Rose looks down; the Doctor’s hands are shaking. She slides one of her own over the one gripping the mug, casual as she can, and tries not to flinch when he pulls back instead of holding on tight.
“Yeah, well,” says Rose, and swallows hard to keep her voice from shaking, “’S a bit hard to take you seriously, now I’ve seen you up close. Ears like that, no one’ll really be focussing on your reputation.”
Silence. Rose crosses her fingers under the table, but does not look away.
The Doctor laughs, and it’s raw and ragged, but Rose takes it as a win anyway. She grins, catching her tongue between her teeth just because she knows it’ll make him smile back, and watches as his fingers unclench from around the mug and settle on top of hers, cool and dry, barely shivering.
“I’m sorry,” says Rose, abruptly, “about earlier. What I said – I was scared, yeah, but just ‘cause I’d never seen you that angry, and I was just – you could never,” and her voice is vehement, rising in pitch till it cracks and she really, really doesn't care, “you could never become anything I wouldn’t trust completely, Doctor.”
“I pointed a gun at you, Rose,” the Doctor says, soft and rough, “I nearly let you die twenty feet underground in a concrete tomb. Don’t go telling me what I could and couldn’t do.”
He pushes his chair back, scraping it loud and violent against the floor, and stands to go.
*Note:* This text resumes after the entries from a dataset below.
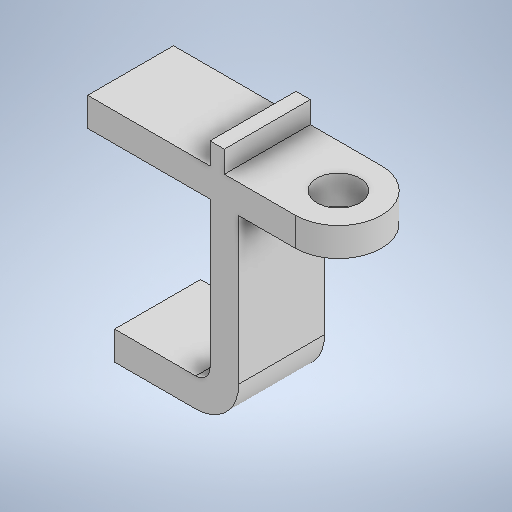
# Autodesk Inventor part: j1 endstop block v2
Saved by Autodesk Inventor 2025 (Build 290162000, 162)
## iProperties
Created: 2025-07-11
Part Number: j1 endstop block v2
Material: 一般
Document SubType Name: Modeling
Designer: gavin
Density: 1 g/cm^3
Appearance: 預設
Author: gavin
## iProperties of the stored document j1 endstop block v2_3D 列印.ipt
Created: 2025-07-11
Part Number: j1 endstop block v2_3D 列印
Material: 一般
Document SubType Name: Modeling
Designer: gavin
Density: 1 g/cm^3
Appearance: 預設
Author: gavin
Autodesk Inventor part; units mm, degrees
ref_plane "YZ Plane" through (0, 0, 0) normal (1, 0, 0) x (0, 1, 0)
ref_plane "XZ Plane" through (0, 0, 0) normal (0, 1, 0) x (-1, 0, 0)
sketch "草圖1" plane through (0, 0, 0) normal (0, 0, 1) x (1, 0, 0)
  line L0 (0, -6) -> (0.94, -6) construction
  line L1 (0, 0) -> (0, -6) construction
  line L2 (0.94, 0) -> (0, 0) projected
  line L3 (0.94, 0) -> (0.94, -6) construction
  line L4 (4.44, 0) -> (4.44, -6)
  line L5 (7.44, 0) -> (7.44, -6)
  line L6 (7.44, -6) -> (4.44, -6) projected
  line L7 (-0.03, -6) -> (-0.03, -4.4819)
  line L8 (-0.03, -4.4819) -> (0.97, -4.4819)
  line L9 (0.97, -4.4819) -> (0.97, -6)
  line L10 (0.97, -6) -> (8.94, -6)
  line L11 (8.94, -6) -> (8.94, -8)
  line L12 (8.94, -8) -> (-6.6252, -8)
  line L13 (-6.6252, -8) -> (-8.58, -8)
  line L14 (-8.58, -8) -> (-8.58, -6)
  line L15 (-8.58, -6) -> (-0.03, -6)
  line L16 (-9.58, -22.94) -> (-9.58, -18)
  point P0 (0.47, -6)
  point P1 (-8.58, -7)
  dimension "d0" = 1
  dimension "d1" = 0.03
  dimension "d2" = 0.94
  dimension "d3" = 1.5
  dimension "d5" = 2
  dimension "d18" = 1
  constraints: 24 end point, 7 perpendicular, 4 vertical, 3 point on line, 2 midpoint, 6 other
  measures "d0" distance of L7.end L8.end
  measures "d1" distance between parallel lines of L9 L3
  measures "d2" distance of L0.start L0.end
  measures "d3" distance between parallel lines of L5 L11
  measures "d5" distance of L10.end L11.end
  measures "d18" distance from line of L16 point (-8.58, -7)
extrude "擠出1" add sketch "草圖1" along normal up to surface (6 mm away)
ref_plane "工作平面1" through (-1.62, -18, -3) normal (1, 0, 0) x (0, 1, 0)
sketch "草圖3" plane through (0.97, -6, 0) normal (0, 1, 0) x (1, 0, 0)
  circle A0 centre (4.97, -3) radius 1.5 projected
  point P0 (-0.97, 0)
extrude "擠出3" cut sketch "草圖3" against normal up to surface (2 mm away)
fillet "圓角1" radius 3 2 edges at (8.94, -7, 6) (8.94, -7, 0)
sketch "草圖9" plane through (-8.58, -6, 6) normal (0, 0, 1) x (1, 0, 0)
  line L0 (14.52, 0) -> (14.52, -2) projected
  line L1 (9.55, 0) -> (14.52, 0) projected
  line L2 (9.55, 1.5181) -> (9.55, 0) projected
  line L3 (8.55, 1.5181) -> (9.55, 1.5181) projected
  line L4 (8.55, 0) -> (8.55, 1.5181) projected
  line L5 (0, 0) -> (8.55, 0) projected
  line L6 (0, -2) -> (0, 0) projected
  line L7 (14.52, -2) -> (0, -2) projected
  line L8 (-1, -12) -> (6.96, -12) projected
  line L9 (6.96, -12) -> (6.96, -8) projected
  line L10 (6.96, -8) -> (-2.84, -8) projected
  line L11 (-2.84, -20.94) -> (-2.84, -8) projected
  line L12 (-2.84, -20.94) -> (6.96, -20.94) projected
  line L13 (6.96, -20.94) -> (6.96, -16.94) projected
  line L14 (6.96, -16.94) -> (-1, -16.94) projected
  line L15 (-1, -16.94) -> (-1, -12) projected
  line L16 (1.884, -15.2) -> (1.884, -13.2)
  line L17 (1.884, -13.2) -> (8.55, -13.2)
  line L18 (8.55, -13.2) -> (8.55, -2)
  line L19 (1.884, -15.2) -> (10.55, -15.2)
  line L20 (10.55, -15.2) -> (10.55, -2)
  point P0 (8.58, 6)
  dimension "d28" = 2
  dimension "d29" = 2
  dimension "d30" = 1.2
  constraints: 10 end point, 3 perpendicular, 3 point on line, 1 horizontal, 1 vertical
  measures "d28" distance between parallel lines of L19 L17
  measures "d29" distance between parallel lines of L20 L18
  measures "d30" distance between parallel lines of L8 L17
extrude "擠出8" add sketch "草圖9" against normal up to surface (6 mm away) contours L20 L19 L16 L17 L18 L7
fillet "圓角2" radius 1 1 edges at (-0.03, -19.2, 3)
fillet "圓角3" radius 3 1 edges at (1.97, -21.2, 3)
equation "\"d1\" = -0.5 * d2 + 0.5 * d0"

Rose watches him for a long moment, this scarecrow of a man with his long limbs and harsh face and black-clad sorrow, and launches herself at him in a hug.
The Doctor’s not a small man, and Rose comes up about as high as his broad shoulders under normal circumstances, but she’s hopped up on adrenaline and high aching emotion and also twisting and leaping awkwardly out of a kitchen chair, and her arms tangle artlessly but sturdily around his shoulders and across the back of his neck, and she buries her head in his chest right between his hearts and stands up on her tiptoes and holds on.
After a moment, she feels a pair of wiry green-jumpered arms wrap tight around her waist and pull her closer, feels a sharp chin tuck itself down over her left shoulder, feels the double heartbeat pattering against her cheek stutter and then slow, and she pretends she doesn’t feel the dampness growing at the back of her shirt. She can hear the Doctor breathing, a sharp gasp and then slow and deep, and presses her face against his jumper and doesn’t open her eyes.
Slowly, gently, the Doctor untangles himself from her grasp, setting her down with her feet flat on the floor. “Go to sleep, Rose Tyler,” he says, and his voice is warm, and his eyes are still shadowed but not as much as they were, and his touch on her shoulder is tender and light.
Rose smiles. “Goodnight, Doctor,” she says, and goes.